Lokad ne remplace pas les idées stratégiques approfondies (celles-ci proviennent de l’expertise de votre équipe), notre technologie est simplement conçue pour rendre possible le déploiement à grande échelle de ces idées stratégiques - telles qu’elles se reflètent à travers les facteurs économiques - dans chaque décision prise par l’entreprise.

Le deuxième objectif de ces facteurs est le processus de “whiteboxing”. Le but du processus de “whiteboxing” est de fournir à vos équipes un haut degré de transparence pour chaque décision générée par Lokad. Votre équipe doit comprendre pourquoi cette décision est suggérée par Lokad. Pour y parvenir, chaque décision générée par Lokad est accompagnée de ses propres métriques - mesurées en euros ou en dollars - qui expliquent l’intention commerciale de la décision. Ces métriques sont les différentes réflexions des facteurs économiques. Notre expérience indique que cette approche est supérieure à celle qui consiste à mettre en lumière les détails algorithmiques du calcul, qui est non seulement incroyablement fastidieux, mais aussi largement dénué de sens, sauf pour les experts en apprentissage automatique ou en optimisation numérique.

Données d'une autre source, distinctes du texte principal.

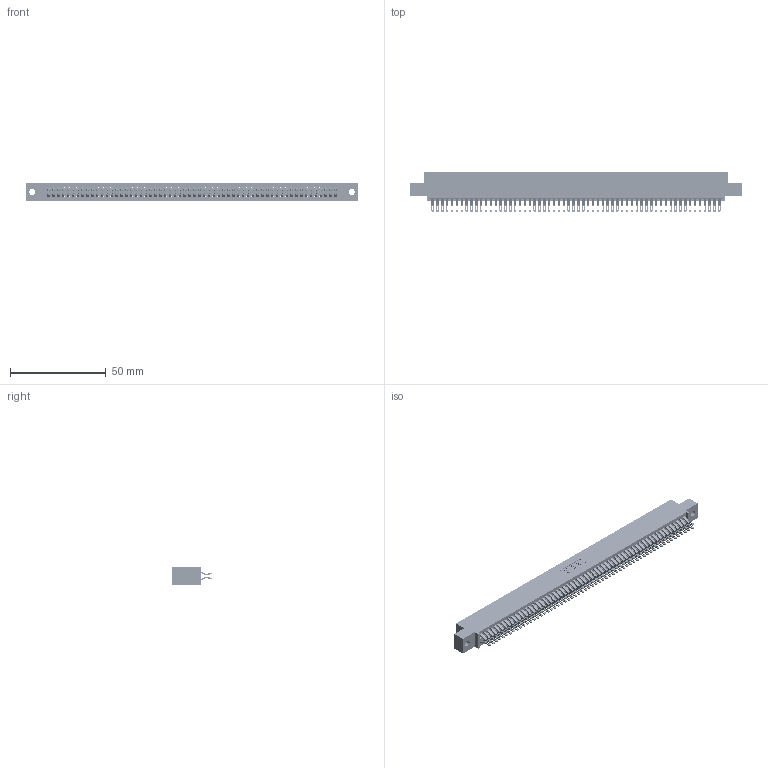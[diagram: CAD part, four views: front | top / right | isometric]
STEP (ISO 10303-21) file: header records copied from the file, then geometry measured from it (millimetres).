
FILE_DESCRIPTION (( 'STEP AP203' ), '1' );
FILE_NAME ('395-120-555-502.STEP', '2018-12-03T14:57:08', ( '' ), ( '' ), 'SwSTEP 2.0', 'SolidWorks 2016', '' );
FILE_SCHEMA (( 'CONFIG_CONTROL_DESIGN' ));
Length unit declared in the file: inch
Products named in the file (3): 345 Part_0.110 Offset - 0.128 Dia; 345-292-001_555 Tail; 395-120-555-502
Assembly tree (121 placements, depth 2):
  395-120-555-502
    345 Part_0.110 Offset - 0.128 Dia
    345-292-001_555 Tail  x120
Bounding box: 173.61 x 21.13 x 9.4 mm (x, y, z)
Volume: 17269.7 mm3; surface area: 26906.8 mm2
Topology: 121 solids, 121 shells, 6850 faces, 21593 edges, 14394 vertices
Faces by surface type: plane 3804, cylinder 3046
Entity records: 45115 total; most frequent: CARTESIAN_POINT 7582, ORIENTED_EDGE 7486, DIRECTION 6631, EDGE_CURVE 3743, VECTOR 3351, LINE 3351, VERTEX_POINT 2494, AXIS2_PLACEMENT_3D 1640
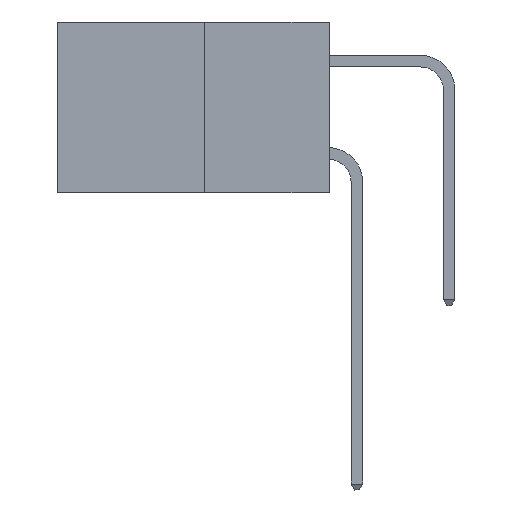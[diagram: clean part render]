
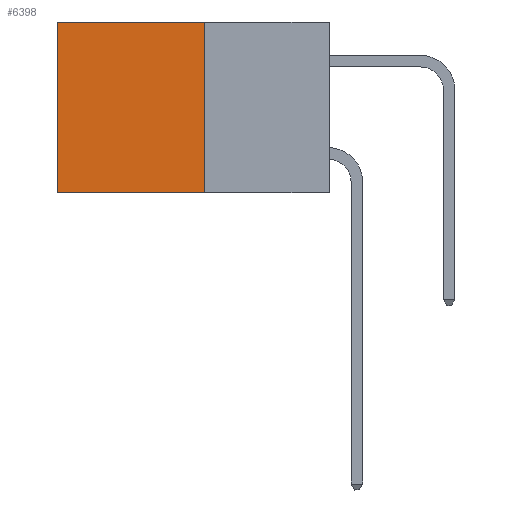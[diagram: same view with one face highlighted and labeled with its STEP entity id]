
A CAD part, left-side view. The second image highlights one B-rep face of the part: STEP entity #6398.
In plain terms, the highlighted planar face has unit normal (-1, 0, 0).
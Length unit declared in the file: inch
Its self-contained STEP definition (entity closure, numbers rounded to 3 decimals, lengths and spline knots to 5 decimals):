
#569 = AXIS2_PLACEMENT_3D ( 'NONE', #2029, #4099, #11075 ) ;
#606 = FACE_OUTER_BOUND ( 'NONE', #11096, .T. ) ;
#613 = DIRECTION ( 'NONE',  ( 0., 1., 0. ) ) ;
#798 = CARTESIAN_POINT ( 'NONE',  ( 0.277, 0.27, -0.37 ) ) ;
#1880 = ORIENTED_EDGE ( 'NONE', *, *, #11898, .F. ) ;
#1915 = CARTESIAN_POINT ( 'NONE',  ( 0.277, 0.27, 0. ) ) ;
#2029 = CARTESIAN_POINT ( 'NONE',  ( 0.277, 0.27, -0.37 ) ) ;
#2099 = VERTEX_POINT ( 'NONE', #1915 ) ;
#2478 = VERTEX_POINT ( 'NONE', #11474 ) ;
#2504 = CARTESIAN_POINT ( 'NONE',  ( 0.277, 0.27, 0. ) ) ;
#2542 = LINE ( 'NONE', #2504, #3145 ) ;
#2688 = ORIENTED_EDGE ( 'NONE', *, *, #3845, .T. ) ;
#3145 = VECTOR ( 'NONE', #9549, 39.37008 ) ;
#3683 = CARTESIAN_POINT ( 'NONE',  ( 0.277, 0.59, -0.37 ) ) ;
#3786 = ORIENTED_EDGE ( 'NONE', *, *, #10827, .F. ) ;
#3845 = EDGE_CURVE ( 'NONE', #2099, #2478, #2542, .T. ) ;
#4099 = DIRECTION ( 'NONE',  ( 1., 0., 0. ) ) ;
#4400 = LINE ( 'NONE', #10668, #6741 ) ;
#4529 = VERTEX_POINT ( 'NONE', #3683 ) ;
#4830 = VECTOR ( 'NONE', #613, 39.37008 ) ;
#5948 = CARTESIAN_POINT ( 'NONE',  ( 0.277, 0.59, -0.37 ) ) ;
#6040 = VECTOR ( 'NONE', #6970, 39.37008 ) ;
#6055 = PLANE ( 'NONE',  #569 ) ;
#6247 = VERTEX_POINT ( 'NONE', #798 ) ;
#6398 = ADVANCED_FACE ( 'NONE', ( #606 ), #6055, .F. ) ;
#6629 = CARTESIAN_POINT ( 'NONE',  ( 0.277, 0.27, -0.37 ) ) ;
#6741 = VECTOR ( 'NONE', #11652, 39.37008 ) ;
#6970 = DIRECTION ( 'NONE',  ( 0., 0., -1. ) ) ;
#7410 = ORIENTED_EDGE ( 'NONE', *, *, #8410, .T. ) ;
#8410 = EDGE_CURVE ( 'NONE', #2478, #4529, #8724, .T. ) ;
#8724 = LINE ( 'NONE', #5948, #6040 ) ;
#9549 = DIRECTION ( 'NONE',  ( 0., 1., 0. ) ) ;
#10143 = LINE ( 'NONE', #6629, #4830 ) ;
#10668 = CARTESIAN_POINT ( 'NONE',  ( 0.277, 0.27, -0.37 ) ) ;
#10827 = EDGE_CURVE ( 'NONE', #2099, #6247, #4400, .T. ) ;
#11075 = DIRECTION ( 'NONE',  ( 0., 0., -1. ) ) ;
#11096 = EDGE_LOOP ( 'NONE', ( #7410, #1880, #3786, #2688 ) ) ;
#11474 = CARTESIAN_POINT ( 'NONE',  ( 0.277, 0.59, 0. ) ) ;
#11652 = DIRECTION ( 'NONE',  ( 0., 0., -1. ) ) ;
#11898 = EDGE_CURVE ( 'NONE', #6247, #4529, #10143, .T. ) ;
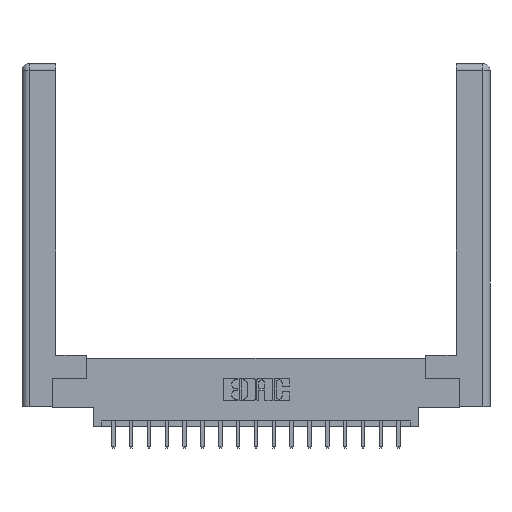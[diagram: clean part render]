
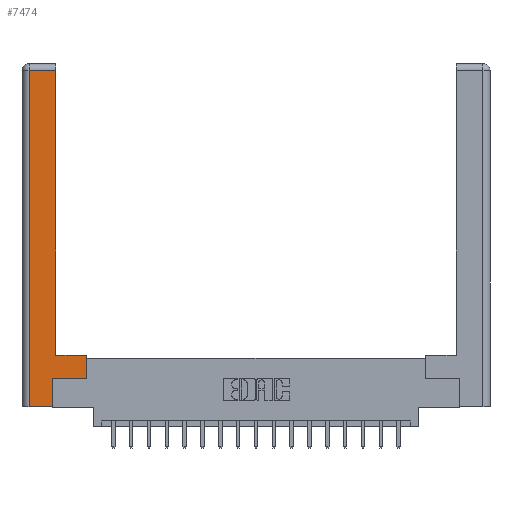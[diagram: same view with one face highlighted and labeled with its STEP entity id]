
A CAD part, top view. The second image highlights one B-rep face of the part: STEP entity #7474.
In plain terms, the highlighted planar face has unit normal (0, 0, 1).
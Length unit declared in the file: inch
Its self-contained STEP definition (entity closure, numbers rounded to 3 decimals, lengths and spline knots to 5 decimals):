
#240 = CARTESIAN_POINT ( 'NONE',  ( 0.295, 3., 0. ) ) ;
#743 = CARTESIAN_POINT ( 'NONE',  ( 0.295, 0.45, 0. ) ) ;
#848 = ORIENTED_EDGE ( 'NONE', *, *, #8095, .T. ) ;
#1612 = EDGE_LOOP ( 'NONE', ( #6051, #14851, #3664, #1820, #11303, #848, #16238, #18744 ) ) ;
#1820 = ORIENTED_EDGE ( 'NONE', *, *, #12712, .T. ) ;
#1840 = CARTESIAN_POINT ( 'NONE',  ( 0.565, 0.45, 0. ) ) ;
#2045 = EDGE_CURVE ( 'NONE', #13140, #7228, #2820, .T. ) ;
#2797 = VECTOR ( 'NONE', #11069, 39.37008 ) ;
#2820 = LINE ( 'NONE', #240, #8913 ) ;
#3087 = VERTEX_POINT ( 'NONE', #5712 ) ;
#3099 = AXIS2_PLACEMENT_3D ( 'NONE', #17085, #12384, #15464 ) ;
#3273 = LINE ( 'NONE', #4502, #3928 ) ;
#3664 = ORIENTED_EDGE ( 'NONE', *, *, #7607, .T. ) ;
#3837 = PLANE ( 'NONE',  #3099 ) ;
#3928 = VECTOR ( 'NONE', #10180, 39.37008 ) ;
#4420 = FACE_OUTER_BOUND ( 'NONE', #1612, .T. ) ;
#4452 = CARTESIAN_POINT ( 'NONE',  ( 0.0615, 2.94, 0. ) ) ;
#4502 = CARTESIAN_POINT ( 'NONE',  ( 0.265, 0.245, 0. ) ) ;
#4542 = CARTESIAN_POINT ( 'NONE',  ( 0.565, 0.245, 0. ) ) ;
#5068 = CARTESIAN_POINT ( 'NONE',  ( 0.295, 0.45, 0. ) ) ;
#5265 = VECTOR ( 'NONE', #14887, 39.37008 ) ;
#5712 = CARTESIAN_POINT ( 'NONE',  ( 0.265, 0., 0. ) ) ;
#6051 = ORIENTED_EDGE ( 'NONE', *, *, #2045, .T. ) ;
#6334 = DIRECTION ( 'NONE',  ( 0., 1., 0. ) ) ;
#6375 = LINE ( 'NONE', #1840, #14058 ) ;
#7228 = VERTEX_POINT ( 'NONE', #14047 ) ;
#7271 = VERTEX_POINT ( 'NONE', #15995 ) ;
#7474 = ADVANCED_FACE ( 'NONE', ( #4420 ), #3837, .F. ) ;
#7607 = EDGE_CURVE ( 'NONE', #18257, #17679, #17495, .T. ) ;
#7945 = DIRECTION ( 'NONE',  ( 0., 1., 0. ) ) ;
#8095 = EDGE_CURVE ( 'NONE', #7271, #8157, #14206, .T. ) ;
#8157 = VERTEX_POINT ( 'NONE', #4542 ) ;
#8913 = VECTOR ( 'NONE', #6334, 39.37008 ) ;
#9352 = LINE ( 'NONE', #743, #2797 ) ;
#9545 = DIRECTION ( 'NONE',  ( 0., -1., 0. ) ) ;
#9573 = VECTOR ( 'NONE', #9545, 39.37008 ) ;
#9794 = EDGE_CURVE ( 'NONE', #17604, #13140, #9352, .T. ) ;
#10180 = DIRECTION ( 'NONE',  ( 0., 1., 0. ) ) ;
#10429 = EDGE_CURVE ( 'NONE', #3087, #7271, #3273, .T. ) ;
#11069 = DIRECTION ( 'NONE',  ( -1., 0., 0. ) ) ;
#11303 = ORIENTED_EDGE ( 'NONE', *, *, #10429, .T. ) ;
#11360 = CARTESIAN_POINT ( 'NONE',  ( 0.565, 0.45, 0. ) ) ;
#11549 = LINE ( 'NONE', #4452, #5265 ) ;
#12154 = EDGE_CURVE ( 'NONE', #7228, #18257, #11549, .T. ) ;
#12261 = VECTOR ( 'NONE', #18531, 39.37008 ) ;
#12326 = VECTOR ( 'NONE', #19212, 39.37008 ) ;
#12384 = DIRECTION ( 'NONE',  ( 0., 0., -1. ) ) ;
#12712 = EDGE_CURVE ( 'NONE', #17679, #3087, #17409, .T. ) ;
#13140 = VERTEX_POINT ( 'NONE', #5068 ) ;
#14047 = CARTESIAN_POINT ( 'NONE',  ( 0.295, 2.94, 0. ) ) ;
#14058 = VECTOR ( 'NONE', #7945, 39.37008 ) ;
#14081 = CARTESIAN_POINT ( 'NONE',  ( 0.265, 0., 0. ) ) ;
#14206 = LINE ( 'NONE', #14645, #12326 ) ;
#14210 = CARTESIAN_POINT ( 'NONE',  ( 0.0615, 0., 0. ) ) ;
#14645 = CARTESIAN_POINT ( 'NONE',  ( 0.565, 0.245, 0. ) ) ;
#14851 = ORIENTED_EDGE ( 'NONE', *, *, #12154, .T. ) ;
#14887 = DIRECTION ( 'NONE',  ( -1., 0., 0. ) ) ;
#15464 = DIRECTION ( 'NONE',  ( -1., 0., 0. ) ) ;
#15995 = CARTESIAN_POINT ( 'NONE',  ( 0.265, 0.245, 0. ) ) ;
#16238 = ORIENTED_EDGE ( 'NONE', *, *, #16398, .T. ) ;
#16316 = CARTESIAN_POINT ( 'NONE',  ( 0.0615, 0., 0. ) ) ;
#16398 = EDGE_CURVE ( 'NONE', #8157, #17604, #6375, .T. ) ;
#17085 = CARTESIAN_POINT ( 'NONE',  ( 0., 0., 0. ) ) ;
#17409 = LINE ( 'NONE', #14081, #12261 ) ;
#17495 = LINE ( 'NONE', #14210, #9573 ) ;
#17604 = VERTEX_POINT ( 'NONE', #11360 ) ;
#17679 = VERTEX_POINT ( 'NONE', #16316 ) ;
#18257 = VERTEX_POINT ( 'NONE', #19136 ) ;
#18531 = DIRECTION ( 'NONE',  ( 1., 0., 0. ) ) ;
#18744 = ORIENTED_EDGE ( 'NONE', *, *, #9794, .T. ) ;
#19136 = CARTESIAN_POINT ( 'NONE',  ( 0.0615, 2.94, 0. ) ) ;
#19212 = DIRECTION ( 'NONE',  ( 1., 0., 0. ) ) ;
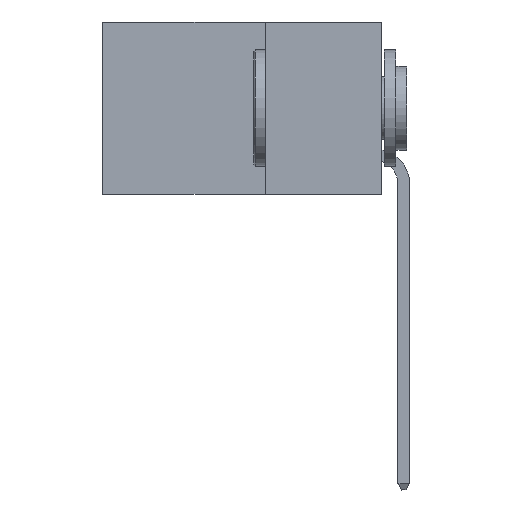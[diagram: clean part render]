
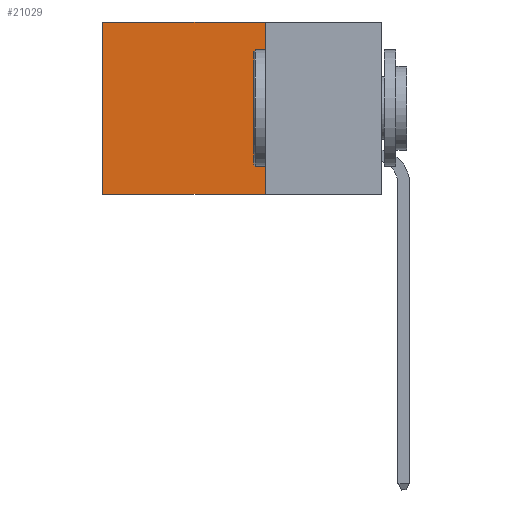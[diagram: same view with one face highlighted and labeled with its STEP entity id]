
A CAD part, left-side view. The second image highlights one B-rep face of the part: STEP entity #21029.
In plain terms, the highlighted planar face has unit normal (-1, 0, 0).
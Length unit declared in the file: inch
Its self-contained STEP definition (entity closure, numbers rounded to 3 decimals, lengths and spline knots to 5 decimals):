
#114 = CARTESIAN_POINT ( 'NONE',  ( 0.2875, 0.25, 0. ) ) ;
#290 = ORIENTED_EDGE ( 'NONE', *, *, #11510, .F. ) ;
#2098 = FACE_OUTER_BOUND ( 'NONE', #17704, .T. ) ;
#2996 = VECTOR ( 'NONE', #19516, 39.37008 ) ;
#4822 = EDGE_CURVE ( 'NONE', #16357, #26799, #6063, .T. ) ;
#5307 = EDGE_CURVE ( 'NONE', #6029, #16357, #12974, .T. ) ;
#5628 = CARTESIAN_POINT ( 'NONE',  ( 0.2875, 0.25, -0.37 ) ) ;
#6029 = VERTEX_POINT ( 'NONE', #114 ) ;
#6063 = LINE ( 'NONE', #11634, #19675 ) ;
#7313 = DIRECTION ( 'NONE',  ( 0., 0., -1. ) ) ;
#7741 = CARTESIAN_POINT ( 'NONE',  ( 0.2875, 0.25, 0. ) ) ;
#8380 = CARTESIAN_POINT ( 'NONE',  ( 0.2875, 0.25, -0.37 ) ) ;
#8484 = AXIS2_PLACEMENT_3D ( 'NONE', #7741, #18009, #15978 ) ;
#8649 = VECTOR ( 'NONE', #17330, 39.37008 ) ;
#9777 = PLANE ( 'NONE',  #8484 ) ;
#10742 = ORIENTED_EDGE ( 'NONE', *, *, #4822, .T. ) ;
#11510 = EDGE_CURVE ( 'NONE', #6029, #21682, #16902, .T. ) ;
#11634 = CARTESIAN_POINT ( 'NONE',  ( 0.2875, 0.6, 0. ) ) ;
#11785 = CARTESIAN_POINT ( 'NONE',  ( 0.2875, 0.6, -0.37 ) ) ;
#12974 = LINE ( 'NONE', #25761, #2996 ) ;
#15883 = VECTOR ( 'NONE', #7313, 39.37008 ) ;
#15978 = DIRECTION ( 'NONE',  ( 0., 0., -1. ) ) ;
#16357 = VERTEX_POINT ( 'NONE', #18671 ) ;
#16902 = LINE ( 'NONE', #17954, #15883 ) ;
#17330 = DIRECTION ( 'NONE',  ( 0., 1., 0. ) ) ;
#17704 = EDGE_LOOP ( 'NONE', ( #10742, #20161, #290, #19958 ) ) ;
#17954 = CARTESIAN_POINT ( 'NONE',  ( 0.2875, 0.25, 0. ) ) ;
#18009 = DIRECTION ( 'NONE',  ( 1., 0., 0. ) ) ;
#18671 = CARTESIAN_POINT ( 'NONE',  ( 0.2875, 0.6, 0. ) ) ;
#19516 = DIRECTION ( 'NONE',  ( 0., 1., 0. ) ) ;
#19675 = VECTOR ( 'NONE', #19938, 39.37008 ) ;
#19938 = DIRECTION ( 'NONE',  ( 0., 0., -1. ) ) ;
#19958 = ORIENTED_EDGE ( 'NONE', *, *, #5307, .T. ) ;
#20161 = ORIENTED_EDGE ( 'NONE', *, *, #24182, .F. ) ;
#21029 = ADVANCED_FACE ( 'NONE', ( #2098 ), #9777, .F. ) ;
#21682 = VERTEX_POINT ( 'NONE', #5628 ) ;
#23296 = LINE ( 'NONE', #8380, #8649 ) ;
#24182 = EDGE_CURVE ( 'NONE', #21682, #26799, #23296, .T. ) ;
#25761 = CARTESIAN_POINT ( 'NONE',  ( 0.2875, 0.25, 0. ) ) ;
#26799 = VERTEX_POINT ( 'NONE', #11785 ) ;

Du point de vue de la gestion, les facteurs économiques sont un mécanisme puissant pour orienter l’entreprise dans la bonne direction. Ces facteurs ne sont pas considérés comme “immuables”, mais au contraire sont toujours susceptibles de changer, afin de refléter l’évolution du marché. La technologie de Lokad est conçue pour offrir un haut degré d’agilité : avec des efforts limités, il est possible d’élaborer des scénarios complexes de “et si” décrivant diverses stratégies alternatives.